Possible improvement: The front legs often move far away from the slide plates - something needs to be added to keep them nearer, like outboard slide plates.

18. 2ea - Push an 8-tooth gear onto a motor shaft. Connect a short motor wire onto the motor, so that the wire extends out the back of the motor. Insert the motor into the left or right motor mount.
19. Use the four dark gray short-to-long Technics pins to mount the 12x1 LEGO bricks on either side of the RCX brick. This assembly will fit at the center of the robot, and be held in by snapping the four 3-stud length Technics pins with ribs into the 12x1 LEGO bricks. The ribs make it easy to pull the RCX, to change batteries, put it in another robot, or so that the robot can be run from the remote control unit.
20. Install the RCX assembly with the I/R port facing forward. Connect the left motor to Port A and the right motor to Port C, so that the wires extend to the sides. This way, directing Port A or C forward with make the corresponding side of the robot move forward.

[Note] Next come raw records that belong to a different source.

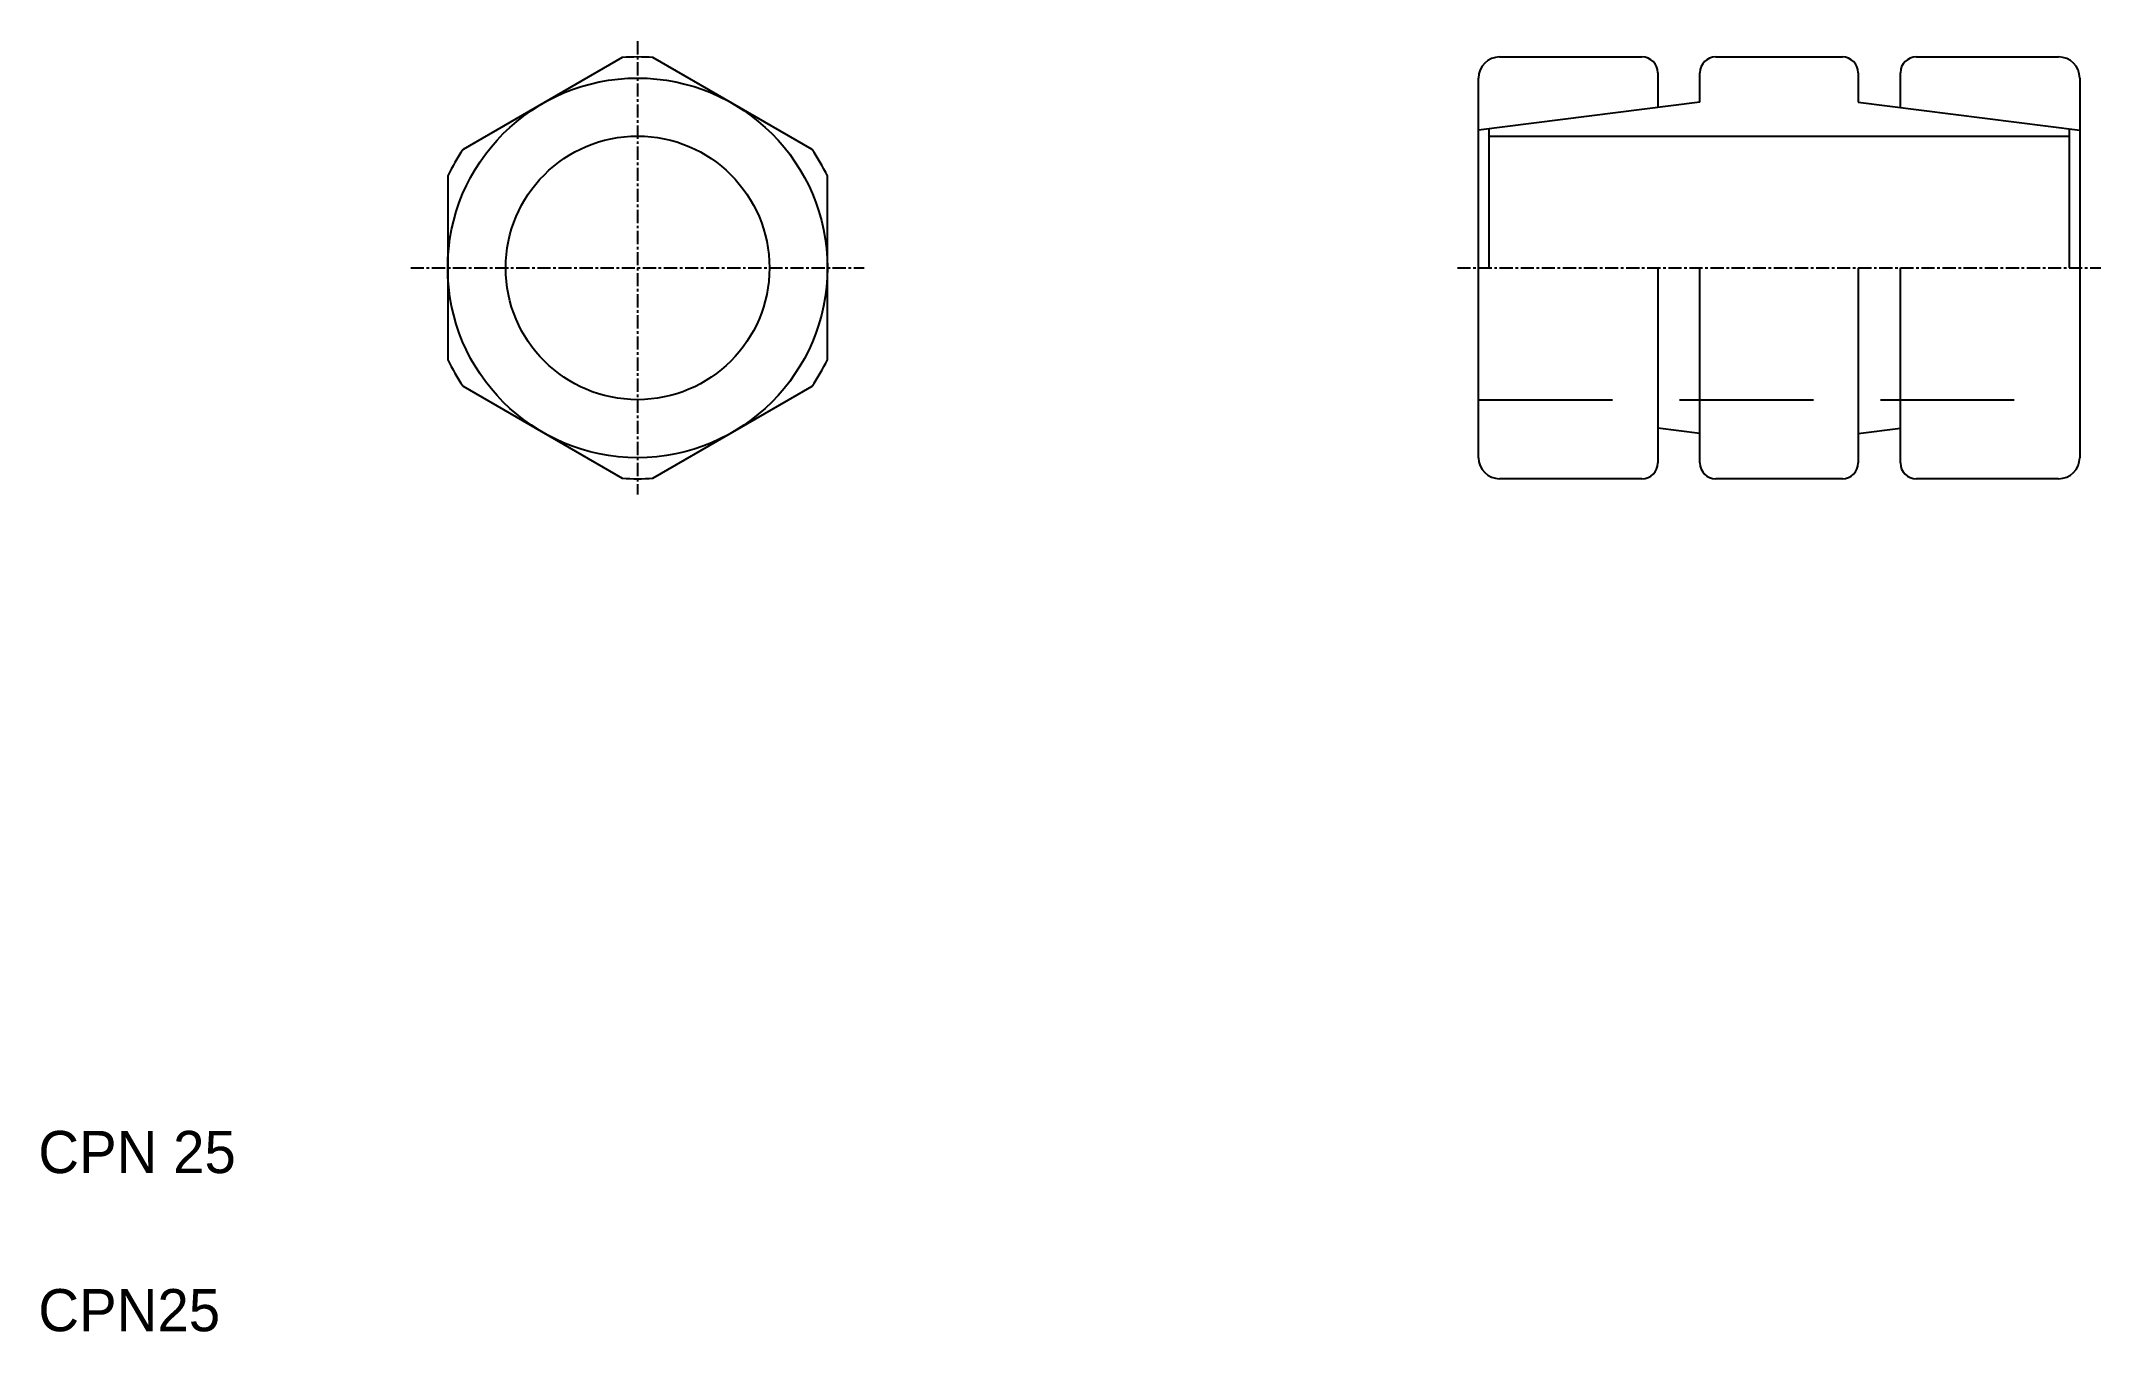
# Model space of a CAD drawing. Extents: x 95 to 290, y 78 to 200.
import ezdxf

# ---------------------------------------------------------------- set-up
doc = ezdxf.new("R2010")
doc.units = 0
doc.linetypes.add('CENTER', pattern=[2, 1.25, -0.25, 0.25, -0.25])
doc.linetypes.add('DASHED', pattern=[19.05, 12.7, -6.35])
doc.layers.get('0').update_dxf_attribs({"linetype": 'CONTINUOUS'})
doc.layers.add('CENTER', color=1, linetype='CENTER')

msp = doc.modelspace()

# ---------------------------------------------------------------- linework, layer by layer
for p, q in [((233.03, 198.55), (246.53, 198.55)), ((253.53, 198.55), (265.53, 198.55)), ((272.53, 198.55), (286.03, 198.55)), ((231.03, 160.55), (231.03, 196.55)), ((248.03, 197.05), (248.03, 193.75)), ((252.03, 194.25), (252.03, 197.05)), ((267.03, 197.05), (267.03, 194.25)), ((271.03, 193.75), (271.03, 197.05)), ((288.03, 196.55), (288.03, 160.55)), ((232.03, 178.55), (232.03, 191.75)), ((287.03, 191.75), (287.03, 178.55)), ((232.03, 191.05), (287.03, 191.05)), ((248.03, 178.55), (248.03, 160.05)), ((252.03, 160.05), (252.03, 178.55)), ((267.03, 178.55), (267.03, 160.05)), ((271.03, 160.05), (271.03, 178.55)), ((250.03, 163.1), (250.03, 163.1)), ((251.03, 162.97), (251.03, 162.97)), ((246.53, 158.55), (233.03, 158.55)), ((265.53, 158.55), (253.53, 158.55)), ((286.03, 158.55), (272.53, 158.55))]:
    msp.add_line(p, q)
at = {"linetype": 'CONTINUOUS'}
for p, q in [((252.03, 194.25), (231.03, 191.62)), ((267.03, 194.25), (288.03, 191.62)), ((252.03, 162.85), (248.03, 163.35)), ((267.03, 162.85), (271.03, 163.35))]:
    msp.add_line(p, q, dxfattribs=at)
at = {"color": 3, "linetype": 'DASHED'}
msp.add_line((231.03, 166.05), (288.03, 166.05), dxfattribs=at)
for points in [[(149.84, 198.5), (134.74, 189.78)], [(167.84, 189.78), (152.74, 198.5)], [(133.29, 187.27), (133.29, 169.83)], [(169.29, 169.83), (169.29, 187.27)], [(134.74, 167.32), (149.84, 158.6)], [(152.74, 158.6), (167.84, 167.32)]]:
    msp.add_lwpolyline(points)
at = {"linetype": 'CONTINUOUS'}
for radius in [18, 12.5]:
    msp.add_circle((151.29, 178.55), radius, dxfattribs=at)
for centre, radius, start, end in [((151.29, 178.55), 20, 85.8419, 94.1581), ((233.03, 196.55), 2, 90, 180), ((246.53, 197.05), 1.5, 0, 90), ((253.53, 197.05), 1.5, 90, 180), ((265.53, 197.05), 1.5, 0, 90), ((272.53, 197.05), 1.5, 90, 180), ((286.03, 196.55), 2, 0, 90), ((151.29, 178.55), 20, 145.8419, 154.1581), ((151.29, 178.55), 20, 25.8419, 34.1581), ((151.29, 178.55), 20, 205.8419, 214.1581), ((151.29, 178.55), 20, 325.8419, 334.1581), ((233.03, 160.55), 2, 180, 270), ((286.03, 160.55), 2, 270, 0), ((151.29, 178.55), 20, 265.8419, 274.1581), ((246.53, 160.05), 1.5, 270, 0), ((253.53, 160.05), 1.5, 180, 270), ((265.53, 160.05), 1.5, 270, 0), ((272.53, 160.05), 1.5, 180, 270)]:
    msp.add_arc(centre, radius, start, end)
at = {"layer": 'CENTER', "color": 1, "linetype": 'CENTER'}
for p, q in [((151.29, 200.05), (151.29, 157.05)), ((129.79, 178.55), (172.79, 178.55)), ((229.03, 178.55), (290.03, 178.55))]:
    msp.add_line(p, q, dxfattribs=at)

# ---------------------------------------------------------------- texts
for s, p in [('CPN 25', (94.47, 92.7)), ('CPN25', (94.47, 77.7))]:
    msp.add_text(s, height=4).set_placement(p)

doc.saveas('drawing.dxf')

Remote control unit	LEGO Mindstorms RCX Module

My method of connecting the buttons to the RCX needs improvement, but here's what I did - I connected the front and back buttons of legs on the same push rod in series. My rationale was that if the robot is moving forward, the back leg should get pushed in time to use the front leg button to sense if there's a table to step on; the reverse when moving backwards.  The problem with this is that the program needs to know the phase of the drive gears. Without a sensor for this, being able to sense when the back leg touched would have told when to check the front leg.  With the buttons connected in series, I had four (4) circuits to multiplex into one RCX input. I did this by connecting these four (4) circuits in series, with a resistor in parallel with each of the four (4) circuits. The resistors were 4.7K, 10K, 20K, and 39K, 5%. This makes an A to D converter, but because the drive current from the RCX input is from a voltage source through a resistor instead of from a constant current source, the output of the A to D is not linear. This makes the steps different sizes, and in particular makes some of the steps pretty small. I plan to re-think this circuit. Also, the robot isn't heavy enough to always push the buttons I used.  A brute force method would be to use more RCX inputs, but I was hoping to save them for other sensors.

I've attached the NQC source code I used at the RCX Challenge, with most of the sensor code stubbed out - I tried to stub it all out for the demo, but I missed one, so the robot waits until at least one series string of buttons is pushed, then goes through its motions. That turned out to work Ok.

I left out some pieces showing in picture above since they weren't needed and so just made the robot heavier.